Vivenciar o presente pode ser sinônimo de vivenciar o desagradável, despropositado e ameaçador. Situações de guerra, assalto, doença, desastre deixam isto bem claro. Essas ocorrências determinam ansiedade, medo, que é a omissão diante do que ocorre ou determinam coragem e participação.
Ter medo é se omitir, é colapsar, sumir diante do que está acontecendo; isso se dá às vezes através do desmaio, através do desespero, dos gritos e das rezas obstinadas. Havendo participação não há medo: se enfrenta ou foge, às vezes única maneira de enfrentar, ainda ação.
Quando não temos metas - ou seja, planos e desejos a realizar no futuro, que não têm estrutura na própria realidade - não estamos divididos ao vivenciar o presente. Esta organização nos permite não colapsar com os impactos, o caos, a desorganização que está acontecendo no presente. Esta atitude cria perspectiva de vida responsável pelo descongestionamento; "o grande horror" que acontece adquire proporções menores, suportáveis e começa a ser percebido como obstáculo a ser resolvido, neutralizado, contornado.
Kurt Lewin relata o que aconteceu com os judeus alemães diante da escalada destruidora do nazismo e do antissemitismo na Alemanha. Este caos social desumano levou vários judeus a cometerem suicídio. Ao perderem toda e qualquer perspectiva de vida, abreviavam o final terrível que parecia inexorável. Frequentemente esta atitude era a do judeu assimilado. Lewin nos relata que o judeu apoiado em sua tradição religiosa, em sua história, sabia que era mais uma perseguição; durante cerca de 5 mil anos outras já haviam ocorrido e seu povo sobreviveu. Perceber este processo, serviu de respaldo, abriu perspectivas e fez com que resistissem ao desespero, resistissem à vontade de desaparecer, sumir, mesmo com o sacrifício da própria vida. Esse estudo de Lewin foi eloquente no sentido de mostrar que o caos pode ser organizado, que o respaldo surge da própria história individual.

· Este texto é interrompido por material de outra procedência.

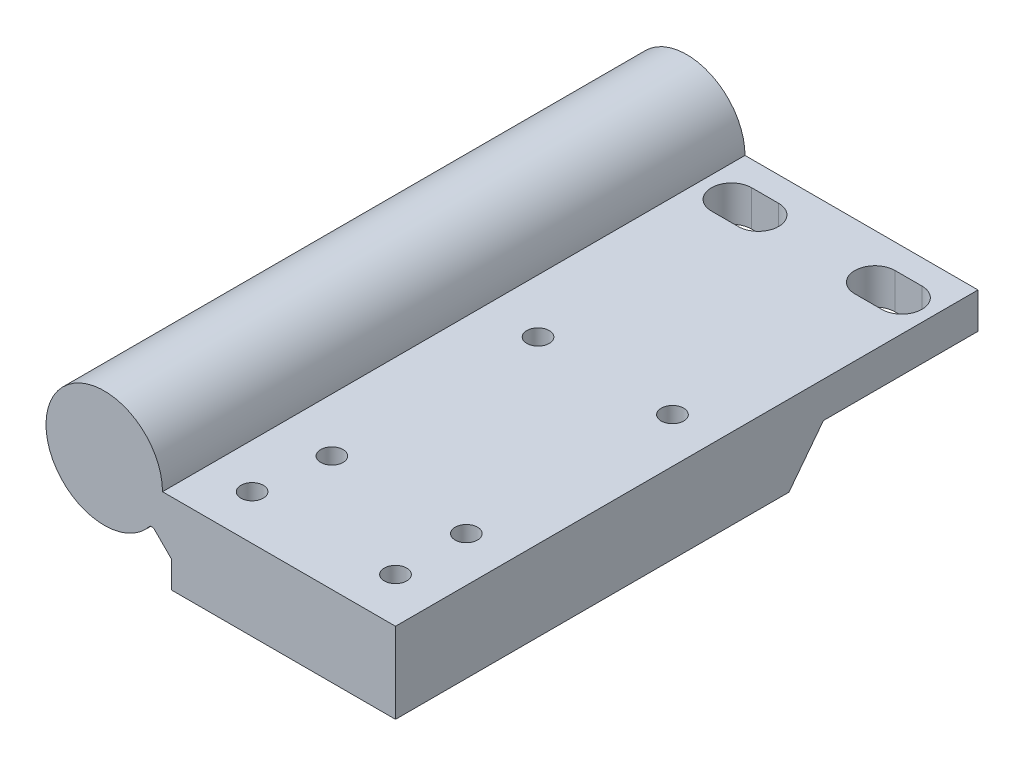
SolidWorks part; units mm, degrees
ref_plane "Спереди" through (0, 0, 0) normal (0, 0, 1) x (1, 0, 0)
ref_plane "Сверху" through (0, 0, 0) normal (0, 1, 0) x (1, 0, 0)
ref_plane "Справа" through (0, 0, 0) normal (1, 0, 0) x (0, 0, -1)
other "Configuration Table"
sketch "Эскиз1" plane through (0, 0, 0) normal (0, 0, 1) x (1, 0, 0)
  line L0 (5.1235, -4) -> (32.5, -4)
  line L1 (32.5, -4) -> (32.5, 0)
  line L2 (32.5, 0) -> (6.5, 0)
  circle A0 centre (0, 0) radius 4.1
  arc A1 (6.5, 0) -> (5.1235, -4) centre (0, 0) ccw
  circle A2 centre (39, 0) radius 6.5 construction
  dimension "D1" = 8.2
  dimension "D2" = 13
  dimension "D3" = 26
  dimension "D7" = 13
  dimension "D4" = 4
  dimension "D5" = 6.5
  dimension "D6" = 32.5
extrude "Бобышка-Вытянуть1" add sketch "Эскиз1" along normal blind 65
sketch "Эскиз2" plane through (0, 0, 65) normal (0, 0, 1) x (1, 0, 0)
  circle A0 centre (0, 0) radius 4.9232
extrude "Бобышка-Вытянуть2" add sketch "Эскиз2" against normal blind 3
sketch "Эскиз3" plane through (0, 0, 0) normal (0, 1, 0) x (1, 0, 0)
  line L0 (10, -7.25) -> (13, -7.25)
  line L1 (10, -2.75) -> (13, -2.75)
  line L6 (26, -2.75) -> (29, -2.75)
  line L7 (26, -7.25) -> (29, -7.25)
  line L8 (32.5, -65) -> (6.5, -65) construction
  line L9 (6.5, -65) -> (6.5, 0) construction
  line L11 (32.5, -65) -> (32.5, 0) construction
  arc A4 (10, -2.75) -> (10, -7.25) centre (10, -5) ccw
  arc A5 (29, -7.25) -> (29, -2.75) centre (29, -5) ccw
  arc A6 (13, -7.25) -> (13, -2.75) centre (13, -5) ccw
  arc A7 (26, -2.75) -> (26, -7.25) centre (26, -5) ccw
  circle A8 centre (11.5, -60) radius 1.25
  circle A9 centre (27.5, -60) radius 1.25
  point P23 (27.5, -7.25)
  point P25 (11.5, -7.25)
  dimension "D1" = 4.5
  dimension "D2" = 4.5
  dimension "D3" = 60
  dimension "D5" = 2.5
  dimension "D7" = 4.5
  dimension "D8" = 4.5
  dimension "D11" = 2.5
  dimension "D4" = 3.5
  dimension "D6" = 3.5
  dimension "D9" = 3
  dimension "D10" = 3
  dimension "D12" = 5
extrude "Вырез-Вытянуть1" cut sketch "Эскиз3" against normal blind 13
ref_plane "Плоскость1" through (20, 0, 0) normal (1, 0, 0) x (0, 0, -1)
sketch "Эскиз4" plane through (20, 0, 0) normal (1, 0, 0) x (0, 0, -1)
  line L0 (-17.25, -4) -> (-21.0942, -9)
  line L1 (-62, -4) -> (158, -4) construction
  line L2 (-21.0942, -9) -> (-65, -9)
  line L3 (-65, -9) -> (-65, -4)
  line L4 (-65, -4) -> (-17.25, -4)
  line L5 (-7.25, -4) -> (-7.25, 0) construction
  dimension "D1" = 10
  dimension "D2" = 5
extrude "Бобышка-Вытянуть3" add sketch "Эскиз4" along normal blind 12.5 and the other way blind 12.5
chamfer "Фаска4" distance 2 angle 45 1 edges at (7.5, -4, 41.125)
sketch "Эскиз5" plane through (0, -9, 0) normal (0, -1, 0) x (1, 0, 0)
  line L0 (7.5, 65) -> (32.5, 65) construction
  line L1 (7.5, 21.0942) -> (32.5, 21.0942) construction
  line L2 (7.5, 65) -> (7.5, 21.0942) construction
  line L3 (32.5, 65) -> (32.5, 21.0942) construction
  circle A0 centre (27.5, 29.0942) radius 1.25
  circle A1 centre (12.5, 29.0942) radius 1.25
  circle A2 centre (27.5, 52.0942) radius 1.25
  circle A3 centre (12.5, 52.0942) radius 1.25
  dimension "D1" = 2.5
  dimension "D2" = 2.5
  dimension "D3" = 2.5
  dimension "D4" = 2.5
  dimension "D5" = 12.9058
  dimension "D6" = 8
  dimension "D7" = 5
  dimension "D8" = 5
  dimension "D9" = 5
  dimension "D10" = 8
  dimension "D11" = 12.9058
extrude "Вырез-Вытянуть2" cut sketch "Эскиз5" against normal blind 10
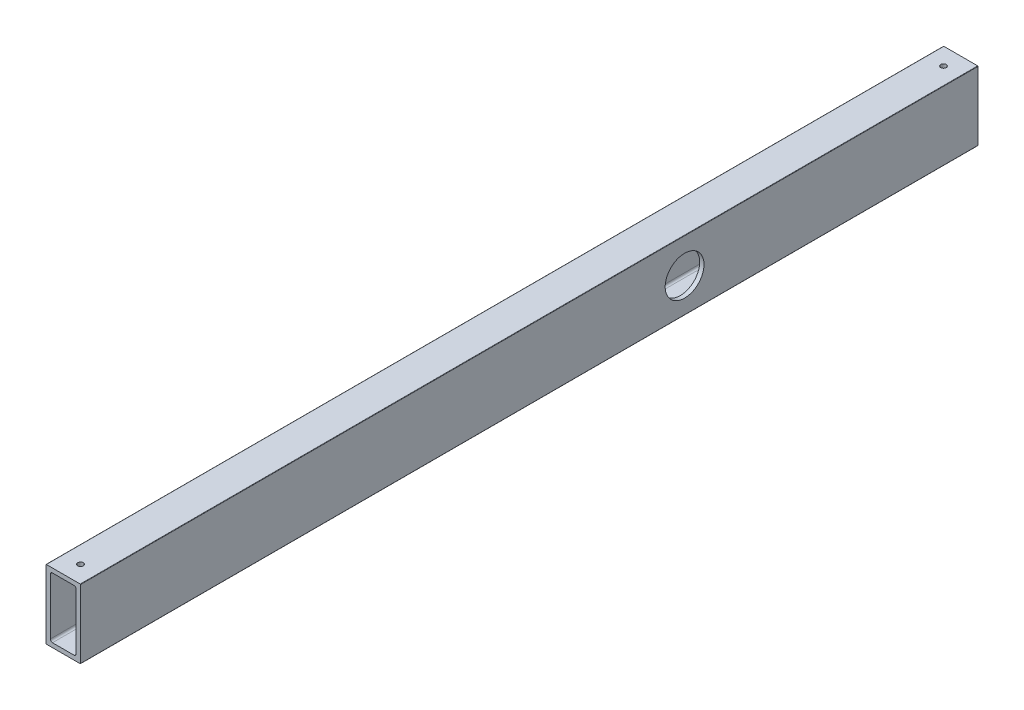
SolidWorks part; units mm, degrees
material "3.0205 (EN-AW 1200)"
ref_plane "Front Plane" through (0, 0, 0) normal (0, 0, 1) x (1, 0, 0)
ref_plane "Top Plane" through (0, 0, 0) normal (0, 1, 0) x (1, 0, 0)
ref_plane "Right Plane" through (0, 0, 0) normal (1, 0, 0) x (0, 0, -1)
ref_plane "Plane1" through (0, 0, 0) normal (0, 0, -1) x (-1, 0, 0)
sketch "Sketch1" plane through (0, 0, 0) normal (0, 0, -1) x (-1, 0, 0)
  line L0 (-3.175, 46.0375) -> (-3.175, 4.7625)
  line L1 (-4.7625, 3.175) -> (-20.6375, 3.175)
  line L2 (-22.225, 4.7625) -> (-22.225, 46.0375)
  line L3 (-20.6375, 47.625) -> (-4.7625, 47.625)
  line L4 (0, 0.254) -> (0, 50.546)
  line L5 (-0.254, 50.8) -> (-25.146, 50.8)
  line L6 (-25.4, 50.546) -> (-25.4, 0.254)
  line L7 (-25.146, 0) -> (-0.254, 0)
  arc A0 (-3.175, 4.7625) -> (-4.7625, 3.175) centre (-4.7625, 4.7625) cw
  arc A1 (-20.6375, 3.175) -> (-22.225, 4.7625) centre (-20.6375, 4.7625) cw
  arc A2 (-22.225, 46.0375) -> (-20.6375, 47.625) centre (-20.6375, 46.0375) cw
  arc A3 (-4.7625, 47.625) -> (-3.175, 46.0375) centre (-4.7625, 46.0375) cw
  arc A4 (-0.254, 0) -> (0, 0.254) centre (-0.254, 0.254) ccw
  arc A5 (0, 50.546) -> (-0.254, 50.8) centre (-0.254, 50.546) ccw
  arc A6 (-25.146, 50.8) -> (-25.4, 50.546) centre (-25.146, 50.546) ccw
  arc A7 (-25.4, 0.254) -> (-25.146, 0) centre (-25.146, 0.254) ccw
extrude "Boss-Extrude1" add sketch "Sketch1" against normal blind 660.4
sketch "Sketch2" plane through (0, 50.8, 0) normal (0, 1, 0) x (1, 0, 0)
  line L0 (0.254, -660.4) -> (25.146, -660.4) construction
  line L1 (25.146, -330.2) -> (0, -330.2) construction
  line L2 (25.146, -660.4) -> (25.146, 0) construction
  line L3 (0, -660.4) -> (0, 0) construction
  circle A0 centre (12.7, -647.7) radius 2.032
  circle A1 centre (12.7, -673.1) radius 2.032
  circle A2 centre (12.7, 12.7) radius 2.032
  circle A3 centre (12.7, -12.7) radius 2.032
  dimension "D1" = 4.064
  dimension "D2" = 4.064
  dimension "D3" = 12.7
  dimension "D4" = 25.4
extrude "Cut-Extrude1" cut sketch "Sketch2" against normal through all
sketch "Sketch5" plane through (25.4, 0, 0) normal (1, 0, 0) x (0, 0, -1)
  line L0 (-660.4, 50.546) -> (0, 50.546) construction
  line L2 (0, 50.546) -> (0, 0.254) construction
  circle A0 centre (-215.9, 25.146) radius 14.2875
  dimension "D1" = 28.575
  dimension "D2" = 25.4
  dimension "D3" = 215.9
extrude "Cut-Extrude2" cut sketch "Sketch5" against normal through all

O judeu assimilado à cultura germânica achava impossível haver tais perseguições dentro de uma sociedade tão civilizada como a alemã. Os que estavam apoiados na tradição judaica, sabiam do antissemitismo que sempre existiu nas diversas culturas e sociedades. A vivência do terror não foi inesperada para eles, tinham o processo histórico como contextualizante.
A vivência é sempre do presente mesmo quando se recorre à memória. Na situação do presente aterrorizante, reduzido ao fato, a lembrança, a memória (recordações são vivências presentificadas, são prolongamentos perceptivos) estrutura um novo contexto que permite a percepção do que ocorre, no caso o caos, de uma maneira nova, responsável por continuidade, consequentemente por perspectiva de vida.
Na vivência pontualizada do presente como sem saída, os pontualizadores podem ser situações presentes neutralizadoras de perspectivas ou podem também ser situações de memória, presentificadas sob a forma de medo e pânico. Em um de seus escritos, Kafka nos conta que ao esperar a execução na forca para o dia seguinte, o condenado, não querendo passar pelo que o aguardava, na véspera se enforca em sua cela.
Qualquer situação absurda possibilita enfrentamento ou crise, tudo vai depender de se estar inteiro ou dividido na vivência do presente ameaçador.
Quando o passado superpõe-se ao presente, mesmo que sob forma de esperança, ele divide, consequentemente aliena do presente, criando ansiedade pela necessidade e espera da saída.
Quando o passado alarga o presente surge perspectiva, surge o futuro; a redução ao que está acontecendo, o estreitamento é alargado e novas configurações surgem neutralizando o sem saída e estruturando coragem, tenacidade, resistência.